Task
From the records that follow, copy every line in which "mxGraphModel" appears.

Material provided: Begin

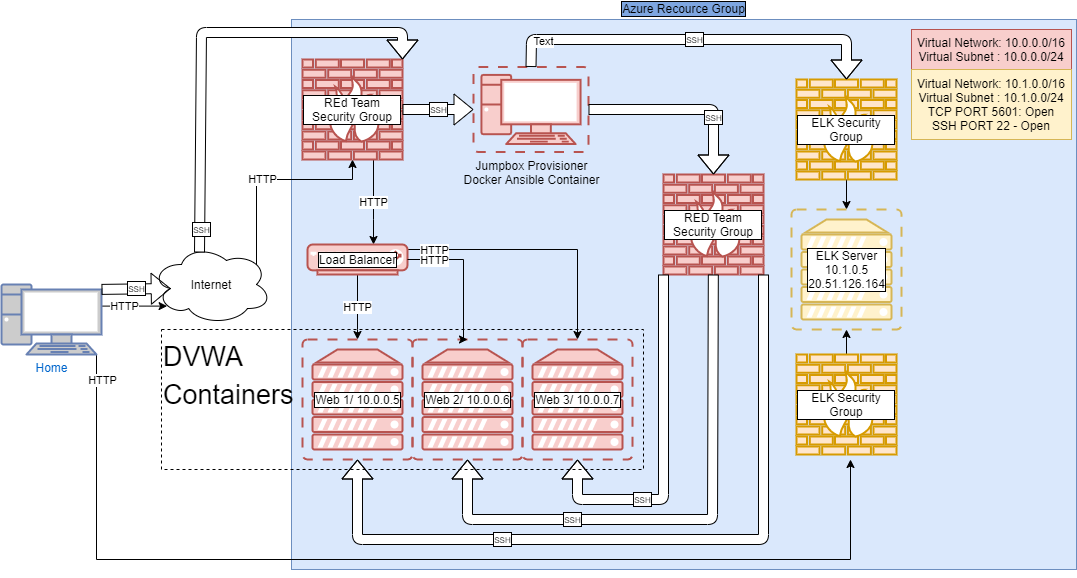

The diagram above was exported from draw.io. Its source (the exported page's mxGraphModel, read from the mxfile embedded in the PNG):
<mxGraphModel dx="782" dy="704" grid="1" gridSize="10" guides="1" tooltips="1" connect="1" arrows="1" fold="1" page="1" pageScale="1" pageWidth="1100" pageHeight="850" background="none" math="0" shadow="0">
  <root>
    <mxCell id="0" />
    <mxCell id="1" parent="0" />
    <mxCell id="y4aDRxeZZtY0kQC7cd_B-14" value="Azure Recource Group&lt;br&gt;" style="rounded=0;whiteSpace=wrap;html=1;fillColor=#dae8fc;strokeColor=#6c8ebf;labelPosition=center;verticalLabelPosition=top;align=center;verticalAlign=bottom;labelBackgroundColor=#7EA6E0;labelBorderColor=#000000;" parent="1" vertex="1">
      <mxGeometry x="310" y="30" width="785" height="550" as="geometry" />
    </mxCell>
    <mxCell id="nxwgxuNZHzm6gC6vrcqY-6" value="HTTP" style="edgeStyle=orthogonalEdgeStyle;rounded=0;orthogonalLoop=1;jettySize=auto;html=1;exitX=1;exitY=0.5;exitDx=0;exitDy=0;exitPerimeter=0;entryX=0.13;entryY=0.77;entryDx=0;entryDy=0;entryPerimeter=0;" parent="1" target="nxwgxuNZHzm6gC6vrcqY-2" edge="1">
      <mxGeometry relative="1" as="geometry">
        <mxPoint x="120" y="338" as="sourcePoint" />
        <Array as="points">
          <mxPoint x="120" y="317" />
        </Array>
      </mxGeometry>
    </mxCell>
    <mxCell id="nxwgxuNZHzm6gC6vrcqY-7" value="HTTP" style="edgeStyle=orthogonalEdgeStyle;rounded=0;orthogonalLoop=1;jettySize=auto;html=1;exitX=0.875;exitY=0.5;exitDx=0;exitDy=0;exitPerimeter=0;" parent="1" source="nxwgxuNZHzm6gC6vrcqY-2" target="nxwgxuNZHzm6gC6vrcqY-4" edge="1">
      <mxGeometry relative="1" as="geometry">
        <Array as="points">
          <mxPoint x="275" y="190" />
          <mxPoint x="371" y="190" />
        </Array>
      </mxGeometry>
    </mxCell>
    <mxCell id="07KKMwx8SI6UJZX6lNxX-11" style="edgeStyle=orthogonalEdgeStyle;rounded=0;orthogonalLoop=1;jettySize=auto;html=1;exitX=0.95;exitY=1;exitDx=0;exitDy=0;exitPerimeter=0;entryX=0.5;entryY=1;entryDx=0;entryDy=0;entryPerimeter=0;fillColor=#ffffff;labelBorderColor=#000000;" parent="1" source="nxwgxuNZHzm6gC6vrcqY-9" edge="1">
      <mxGeometry relative="1" as="geometry">
        <mxPoint x="90" y="66" as="sourcePoint" />
        <mxPoint x="869" y="470" as="targetPoint" />
        <Array as="points">
          <mxPoint x="115" y="570" />
          <mxPoint x="869" y="570" />
        </Array>
      </mxGeometry>
    </mxCell>
    <mxCell id="07KKMwx8SI6UJZX6lNxX-12" value="HTTP" style="edgeLabel;html=1;align=center;verticalAlign=middle;resizable=0;points=[];" parent="07KKMwx8SI6UJZX6lNxX-11" vertex="1" connectable="0">
      <mxGeometry x="0.5777" y="3" relative="1" as="geometry">
        <mxPoint x="-625" y="-177" as="offset" />
      </mxGeometry>
    </mxCell>
    <mxCell id="nxwgxuNZHzm6gC6vrcqY-2" value="Internet" style="ellipse;shape=cloud;whiteSpace=wrap;html=1;" parent="1" vertex="1">
      <mxGeometry x="170" y="255" width="120" height="80" as="geometry" />
    </mxCell>
    <mxCell id="y4aDRxeZZtY0kQC7cd_B-3" value="HTTP" style="edgeStyle=orthogonalEdgeStyle;rounded=0;orthogonalLoop=1;jettySize=auto;html=1;" parent="1" source="nxwgxuNZHzm6gC6vrcqY-4" target="nxwgxuNZHzm6gC6vrcqY-13" edge="1">
      <mxGeometry relative="1" as="geometry">
        <Array as="points">
          <mxPoint x="392" y="230" />
          <mxPoint x="392" y="230" />
        </Array>
      </mxGeometry>
    </mxCell>
    <mxCell id="nxwgxuNZHzm6gC6vrcqY-4" value="REd Team Security Group" style="verticalAlign=middle;verticalLabelPosition=middle;labelPosition=center;align=center;html=1;outlineConnect=0;fillColor=#f8cecc;strokeColor=#b85450;gradientDirection=north;strokeWidth=2;shape=mxgraph.networks.firewall;whiteSpace=wrap;labelBackgroundColor=#ffffff;labelBorderColor=#000000;" parent="1" vertex="1">
      <mxGeometry x="321" y="70" width="100" height="100" as="geometry" />
    </mxCell>
    <mxCell id="nxwgxuNZHzm6gC6vrcqY-9" value="Home" style="fontColor=#0066CC;verticalAlign=top;verticalLabelPosition=bottom;labelPosition=center;align=center;html=1;outlineConnect=0;fillColor=#CCCCCC;strokeColor=#6881B3;gradientColor=none;gradientDirection=north;strokeWidth=2;shape=mxgraph.networks.pc;" parent="1" vertex="1">
      <mxGeometry x="20" y="295" width="100" height="70" as="geometry" />
    </mxCell>
    <mxCell id="nxwgxuNZHzm6gC6vrcqY-11" value="Jumpbox Provisioner&lt;br&gt;Docker Ansible Container" style="verticalAlign=top;verticalLabelPosition=bottom;labelPosition=center;align=center;html=1;outlineConnect=0;fillColor=#f8cecc;strokeColor=#b85450;gradientDirection=north;strokeWidth=2;shape=mxgraph.networks.virtual_pc;" parent="1" vertex="1">
      <mxGeometry x="492" y="77.5" width="115" height="85" as="geometry" />
    </mxCell>
    <mxCell id="y4aDRxeZZtY0kQC7cd_B-5" value="" style="edgeStyle=orthogonalEdgeStyle;rounded=0;orthogonalLoop=1;jettySize=auto;html=1;labelBorderColor=#000000;" parent="1" source="nxwgxuNZHzm6gC6vrcqY-13" target="nxwgxuNZHzm6gC6vrcqY-17" edge="1">
      <mxGeometry relative="1" as="geometry">
        <Array as="points">
          <mxPoint x="596" y="260" />
        </Array>
      </mxGeometry>
    </mxCell>
    <mxCell id="y4aDRxeZZtY0kQC7cd_B-25" value="HTTP" style="edgeLabel;html=1;align=center;verticalAlign=middle;resizable=0;points=[];" parent="y4aDRxeZZtY0kQC7cd_B-5" vertex="1" connectable="0">
      <mxGeometry x="0.0154" y="2" relative="1" as="geometry">
        <mxPoint x="-106" y="2" as="offset" />
      </mxGeometry>
    </mxCell>
    <mxCell id="y4aDRxeZZtY0kQC7cd_B-9" value="HTTP" style="edgeStyle=orthogonalEdgeStyle;rounded=0;orthogonalLoop=1;jettySize=auto;html=1;" parent="1" source="nxwgxuNZHzm6gC6vrcqY-13" target="nxwgxuNZHzm6gC6vrcqY-14" edge="1">
      <mxGeometry relative="1" as="geometry">
        <Array as="points">
          <mxPoint x="376" y="340" />
          <mxPoint x="376" y="340" />
        </Array>
      </mxGeometry>
    </mxCell>
    <mxCell id="nxwgxuNZHzm6gC6vrcqY-13" value="Load Balancer" style="verticalAlign=middle;verticalLabelPosition=middle;labelPosition=center;align=center;html=1;outlineConnect=0;fillColor=#f8cecc;strokeColor=#b85450;gradientDirection=north;strokeWidth=2;shape=mxgraph.networks.load_balancer;labelBackgroundColor=#ffffff;labelBorderColor=#000000;" parent="1" vertex="1">
      <mxGeometry x="326" y="255" width="100" height="30" as="geometry" />
    </mxCell>
    <mxCell id="nxwgxuNZHzm6gC6vrcqY-14" value="Web 1/ 10.0.0.5" style="verticalAlign=middle;verticalLabelPosition=middle;labelPosition=center;align=center;html=1;outlineConnect=0;fillColor=#f8cecc;strokeColor=#b85450;gradientDirection=north;strokeWidth=2;shape=mxgraph.networks.virtual_server;labelBackgroundColor=#FFFFFF;labelBorderColor=#000000;" parent="1" vertex="1">
      <mxGeometry x="321" y="350" width="110" height="120" as="geometry" />
    </mxCell>
    <mxCell id="nxwgxuNZHzm6gC6vrcqY-16" value="Web 2/ 10.0.0.6" style="verticalAlign=middle;verticalLabelPosition=middle;labelPosition=center;align=center;html=1;outlineConnect=0;fillColor=#f8cecc;strokeColor=#b85450;gradientDirection=north;strokeWidth=2;shape=mxgraph.networks.virtual_server;labelBackgroundColor=#ffffff;labelBorderColor=#000000;" parent="1" vertex="1">
      <mxGeometry x="431" y="350" width="110" height="120" as="geometry" />
    </mxCell>
    <mxCell id="nxwgxuNZHzm6gC6vrcqY-17" value="Web 3/ 10.0.0.7" style="verticalAlign=middle;verticalLabelPosition=middle;labelPosition=center;align=center;html=1;outlineConnect=0;fillColor=#f8cecc;strokeColor=#b85450;gradientDirection=north;strokeWidth=2;shape=mxgraph.networks.virtual_server;labelBackgroundColor=#ffffff;labelBorderColor=#000000;" parent="1" vertex="1">
      <mxGeometry x="541" y="350" width="110" height="120" as="geometry" />
    </mxCell>
    <mxCell id="y4aDRxeZZtY0kQC7cd_B-1" value="RED Team Security Group" style="verticalAlign=middle;verticalLabelPosition=middle;labelPosition=center;align=center;html=1;outlineConnect=0;fillColor=#f8cecc;strokeColor=#b85450;gradientDirection=north;strokeWidth=2;shape=mxgraph.networks.firewall;labelBorderColor=#000000;labelBackgroundColor=#FFFFFF;whiteSpace=wrap;" parent="1" vertex="1">
      <mxGeometry x="682" y="185" width="100" height="100" as="geometry" />
    </mxCell>
    <mxCell id="y4aDRxeZZtY0kQC7cd_B-17" value="&lt;font style=&quot;font-size: 8px&quot;&gt;SSH&lt;/font&gt;" style="shape=flexArrow;endArrow=classic;html=1;exitX=1;exitY=0.07;exitDx=0;exitDy=0;exitPerimeter=0;entryX=0.16;entryY=0.55;entryDx=0;entryDy=0;entryPerimeter=0;labelBorderColor=#000000;" parent="1" source="nxwgxuNZHzm6gC6vrcqY-9" target="nxwgxuNZHzm6gC6vrcqY-2" edge="1">
      <mxGeometry width="50" height="50" relative="1" as="geometry">
        <mxPoint x="293.03999999999996" y="328.03999999999996" as="sourcePoint" />
        <mxPoint x="290" y="415" as="targetPoint" />
        <Array as="points" />
      </mxGeometry>
    </mxCell>
    <mxCell id="y4aDRxeZZtY0kQC7cd_B-19" value="&lt;font style=&quot;font-size: 8px&quot;&gt;SSH&lt;/font&gt;" style="shape=flexArrow;endArrow=classic;html=1;labelBorderColor=#000000;exitX=1;exitY=0.5;exitDx=0;exitDy=0;exitPerimeter=0;entryX=0.5;entryY=0;entryDx=0;entryDy=0;entryPerimeter=0;fillColor=#ffffff;" parent="1" source="nxwgxuNZHzm6gC6vrcqY-11" target="y4aDRxeZZtY0kQC7cd_B-1" edge="1">
      <mxGeometry x="0.4" width="50" height="50" relative="1" as="geometry">
        <mxPoint x="452" y="-17" as="sourcePoint" />
        <mxPoint x="692" y="180" as="targetPoint" />
        <Array as="points">
          <mxPoint x="732" y="120" />
        </Array>
        <mxPoint as="offset" />
      </mxGeometry>
    </mxCell>
    <mxCell id="y4aDRxeZZtY0kQC7cd_B-21" value="&lt;font style=&quot;font-size: 8px&quot;&gt;SSH&lt;/font&gt;" style="shape=flexArrow;endArrow=classic;html=1;labelBorderColor=#000000;entryX=0;entryY=0.5;entryDx=0;entryDy=0;entryPerimeter=0;exitX=1;exitY=0.5;exitDx=0;exitDy=0;exitPerimeter=0;fillColor=#ffffff;" parent="1" source="nxwgxuNZHzm6gC6vrcqY-4" target="nxwgxuNZHzm6gC6vrcqY-11" edge="1">
      <mxGeometry width="50" height="50" relative="1" as="geometry">
        <mxPoint x="472" y="3" as="sourcePoint" />
        <mxPoint x="472" y="100" as="targetPoint" />
        <Array as="points" />
      </mxGeometry>
    </mxCell>
    <mxCell id="y4aDRxeZZtY0kQC7cd_B-22" value="&lt;font style=&quot;font-size: 8px&quot;&gt;SSH&lt;/font&gt;" style="shape=flexArrow;endArrow=classic;html=1;labelBorderColor=#000000;exitX=1;exitY=1;exitDx=0;exitDy=0;exitPerimeter=0;entryX=0.5;entryY=1;entryDx=0;entryDy=0;entryPerimeter=0;fillColor=#ffffff;" parent="1" source="y4aDRxeZZtY0kQC7cd_B-1" target="nxwgxuNZHzm6gC6vrcqY-14" edge="1">
      <mxGeometry x="0.4" width="50" height="50" relative="1" as="geometry">
        <mxPoint x="617" y="130" as="sourcePoint" />
        <mxPoint x="702" y="195" as="targetPoint" />
        <Array as="points">
          <mxPoint x="782" y="550" />
          <mxPoint x="376" y="550" />
        </Array>
        <mxPoint as="offset" />
      </mxGeometry>
    </mxCell>
    <mxCell id="y4aDRxeZZtY0kQC7cd_B-23" value="&lt;font style=&quot;font-size: 8px&quot;&gt;SSH&lt;/font&gt;" style="shape=flexArrow;endArrow=classic;html=1;labelBorderColor=#000000;entryX=0.5;entryY=1;entryDx=0;entryDy=0;entryPerimeter=0;fillColor=#ffffff;" parent="1" source="y4aDRxeZZtY0kQC7cd_B-1" target="nxwgxuNZHzm6gC6vrcqY-16" edge="1">
      <mxGeometry x="0.4" width="50" height="50" relative="1" as="geometry">
        <mxPoint x="722" y="290" as="sourcePoint" />
        <mxPoint x="482" y="515" as="targetPoint" />
        <Array as="points">
          <mxPoint x="731" y="530" />
          <mxPoint x="486" y="530" />
        </Array>
        <mxPoint as="offset" />
      </mxGeometry>
    </mxCell>
    <mxCell id="y4aDRxeZZtY0kQC7cd_B-24" value="&lt;font style=&quot;font-size: 8px&quot;&gt;SSH&lt;/font&gt;" style="shape=flexArrow;endArrow=classic;html=1;labelBorderColor=#000000;entryX=0.5;entryY=1;entryDx=0;entryDy=0;entryPerimeter=0;exitX=0;exitY=1;exitDx=0;exitDy=0;exitPerimeter=0;fillColor=#ffffff;" parent="1" source="y4aDRxeZZtY0kQC7cd_B-1" target="nxwgxuNZHzm6gC6vrcqY-17" edge="1">
      <mxGeometry x="0.4" width="50" height="50" relative="1" as="geometry">
        <mxPoint x="687.8305084745762" y="285" as="sourcePoint" />
        <mxPoint x="442" y="480" as="targetPoint" />
        <Array as="points">
          <mxPoint x="682" y="510" />
          <mxPoint x="596" y="510" />
        </Array>
        <mxPoint as="offset" />
      </mxGeometry>
    </mxCell>
    <mxCell id="y4aDRxeZZtY0kQC7cd_B-26" value="&lt;font style=&quot;font-size: 27px&quot;&gt;DVWA &lt;br&gt;Containers&lt;/font&gt;" style="rounded=0;whiteSpace=wrap;html=1;fillColor=none;dashed=1;fontSize=32;verticalAlign=top;align=left;" parent="1" vertex="1">
      <mxGeometry x="180" y="340" width="482" height="140" as="geometry" />
    </mxCell>
    <mxCell id="y4aDRxeZZtY0kQC7cd_B-32" value="" style="edgeStyle=orthogonalEdgeStyle;rounded=0;orthogonalLoop=1;jettySize=auto;html=1;labelBorderColor=#000000;exitX=1;exitY=0.5;exitDx=0;exitDy=0;exitPerimeter=0;entryX=0.5;entryY=0;entryDx=0;entryDy=0;entryPerimeter=0;" parent="1" source="nxwgxuNZHzm6gC6vrcqY-13" target="nxwgxuNZHzm6gC6vrcqY-16" edge="1">
      <mxGeometry relative="1" as="geometry">
        <mxPoint x="436" y="270" as="sourcePoint" />
        <mxPoint x="512" y="330" as="targetPoint" />
        <Array as="points">
          <mxPoint x="482" y="270" />
          <mxPoint x="482" y="350" />
        </Array>
      </mxGeometry>
    </mxCell>
    <mxCell id="y4aDRxeZZtY0kQC7cd_B-33" value="HTTP" style="edgeLabel;html=1;align=center;verticalAlign=middle;resizable=0;points=[];" parent="y4aDRxeZZtY0kQC7cd_B-32" vertex="1" connectable="0">
      <mxGeometry x="0.0154" y="2" relative="1" as="geometry">
        <mxPoint x="-32" y="-15" as="offset" />
      </mxGeometry>
    </mxCell>
    <mxCell id="y4aDRxeZZtY0kQC7cd_B-34" style="edgeStyle=orthogonalEdgeStyle;rounded=0;orthogonalLoop=1;jettySize=auto;html=1;exitX=0.5;exitY=1;exitDx=0;exitDy=0;fontSize=32;fontColor=#000000;" parent="1" source="y4aDRxeZZtY0kQC7cd_B-14" target="y4aDRxeZZtY0kQC7cd_B-14" edge="1">
      <mxGeometry relative="1" as="geometry" />
    </mxCell>
    <mxCell id="y4aDRxeZZtY0kQC7cd_B-18" value="&lt;font style=&quot;font-size: 8px&quot;&gt;SSH&lt;/font&gt;" style="shape=flexArrow;endArrow=classic;html=1;labelBorderColor=#000000;entryX=1;entryY=0;entryDx=0;entryDy=0;entryPerimeter=0;fillColor=#FFFFFF;exitX=0.4;exitY=0.1;exitDx=0;exitDy=0;exitPerimeter=0;" parent="1" source="nxwgxuNZHzm6gC6vrcqY-2" target="nxwgxuNZHzm6gC6vrcqY-4" edge="1">
      <mxGeometry x="-0.8972" y="-2" width="50" height="50" relative="1" as="geometry">
        <mxPoint x="130" y="43" as="sourcePoint" />
        <mxPoint x="245" y="123" as="targetPoint" />
        <Array as="points">
          <mxPoint x="220" y="43" />
          <mxPoint x="421" y="43" />
        </Array>
        <mxPoint as="offset" />
      </mxGeometry>
    </mxCell>
    <mxCell id="07KKMwx8SI6UJZX6lNxX-2" value="&lt;span&gt;Virtual Network: 10.0.0.0/16&lt;/span&gt;&lt;br&gt;&lt;span&gt;Virtual Subnet : 10.0.0.0/24&lt;/span&gt;" style="rounded=0;whiteSpace=wrap;html=1;fillColor=#f8cecc;strokeColor=#b85450;" parent="1" vertex="1">
      <mxGeometry x="930" y="40" width="160" height="40" as="geometry" />
    </mxCell>
    <mxCell id="07KKMwx8SI6UJZX6lNxX-15" value="" style="edgeStyle=orthogonalEdgeStyle;rounded=0;orthogonalLoop=1;jettySize=auto;html=1;fillColor=#ffffff;" parent="1" source="07KKMwx8SI6UJZX6lNxX-4" target="07KKMwx8SI6UJZX6lNxX-9" edge="1">
      <mxGeometry relative="1" as="geometry" />
    </mxCell>
    <mxCell id="07KKMwx8SI6UJZX6lNxX-4" value="ELK Security Group" style="verticalAlign=middle;verticalLabelPosition=middle;labelPosition=center;align=center;html=1;outlineConnect=0;fillColor=#ffe6cc;strokeColor=#d79b00;gradientDirection=north;strokeWidth=2;shape=mxgraph.networks.firewall;whiteSpace=wrap;labelBorderColor=#000000;labelBackgroundColor=#ffffff;" parent="1" vertex="1">
      <mxGeometry x="815" y="90" width="100" height="100" as="geometry" />
    </mxCell>
    <mxCell id="07KKMwx8SI6UJZX6lNxX-5" value="&lt;font style=&quot;font-size: 8px&quot;&gt;SSH&lt;/font&gt;" style="shape=flexArrow;endArrow=classic;html=1;labelBorderColor=#000000;entryX=0.5;entryY=0;entryDx=0;entryDy=0;entryPerimeter=0;fillColor=#FFFFFF;exitX=0.5;exitY=0;exitDx=0;exitDy=0;exitPerimeter=0;" parent="1" source="nxwgxuNZHzm6gC6vrcqY-11" target="07KKMwx8SI6UJZX6lNxX-4" edge="1">
      <mxGeometry width="50" height="50" relative="1" as="geometry">
        <mxPoint x="530" y="50" as="sourcePoint" />
        <mxPoint x="898" y="47" as="targetPoint" />
        <Array as="points">
          <mxPoint x="550" y="50" />
          <mxPoint x="865" y="50" />
        </Array>
      </mxGeometry>
    </mxCell>
    <mxCell id="07KKMwx8SI6UJZX6lNxX-7" value="Text" style="edgeLabel;html=1;align=center;verticalAlign=middle;resizable=0;points=[];" parent="07KKMwx8SI6UJZX6lNxX-5" vertex="1" connectable="0">
      <mxGeometry x="-0.7953" y="-1" relative="1" as="geometry">
        <mxPoint as="offset" />
      </mxGeometry>
    </mxCell>
    <mxCell id="07KKMwx8SI6UJZX6lNxX-9" value="&lt;font color=&quot;#000000&quot;&gt;ELK Server&lt;br&gt;10.1.0.5&lt;br&gt;&lt;div&gt;20.51.126.164&lt;/div&gt;&lt;/font&gt;" style="verticalAlign=middle;verticalLabelPosition=middle;labelPosition=center;align=center;html=1;outlineConnect=0;fillColor=#fff2cc;strokeColor=#d6b656;gradientDirection=north;strokeWidth=2;shape=mxgraph.networks.virtual_server;labelBackgroundColor=#ffffff;labelBorderColor=#000000;" parent="1" vertex="1">
      <mxGeometry x="810" y="220" width="110" height="120" as="geometry" />
    </mxCell>
    <mxCell id="07KKMwx8SI6UJZX6lNxX-14" style="edgeStyle=orthogonalEdgeStyle;rounded=0;orthogonalLoop=1;jettySize=auto;html=1;exitX=0.5;exitY=0;exitDx=0;exitDy=0;exitPerimeter=0;entryX=0.5;entryY=1;entryDx=0;entryDy=0;entryPerimeter=0;fillColor=#ffffff;" parent="1" source="07KKMwx8SI6UJZX6lNxX-10" target="07KKMwx8SI6UJZX6lNxX-9" edge="1">
      <mxGeometry relative="1" as="geometry" />
    </mxCell>
    <mxCell id="07KKMwx8SI6UJZX6lNxX-10" value="ELK Security Group" style="verticalAlign=middle;verticalLabelPosition=middle;labelPosition=center;align=center;html=1;outlineConnect=0;fillColor=#ffe6cc;strokeColor=#d79b00;gradientDirection=north;strokeWidth=2;shape=mxgraph.networks.firewall;whiteSpace=wrap;labelBorderColor=#000000;labelBackgroundColor=#ffffff;" parent="1" vertex="1">
      <mxGeometry x="815" y="365" width="100" height="100" as="geometry" />
    </mxCell>
    <mxCell id="07KKMwx8SI6UJZX6lNxX-19" value="&lt;span&gt;Virtual Network: 10.1.0.0/16&lt;/span&gt;&lt;br&gt;&lt;span&gt;Virtual Subnet : 10.1.0.0/24&lt;br&gt;TCP PORT 5601: Open&lt;br&gt;SSH PORT 22 - Open&lt;br&gt;&lt;/span&gt;" style="rounded=0;whiteSpace=wrap;html=1;labelBackgroundColor=none;fillColor=#fff2cc;strokeColor=#d6b656;" parent="1" vertex="1">
      <mxGeometry x="930" y="80" width="160" height="70" as="geometry" />
    </mxCell>
  </root>
</mxGraphModel>

Material provided: End

Response for this exercise
The diagram above was exported from draw.io. Its source (the exported page's mxGraphModel, read from the mxfile embedded in the PNG):
<mxGraphModel dx="782" dy="704" grid="1" gridSize="10" guides="1" tooltips="1" connect="1" arrows="1" fold="1" page="1" pageScale="1" pageWidth="1100" pageHeight="850" background="none" math="0" shadow="0">
</mxGraphModel>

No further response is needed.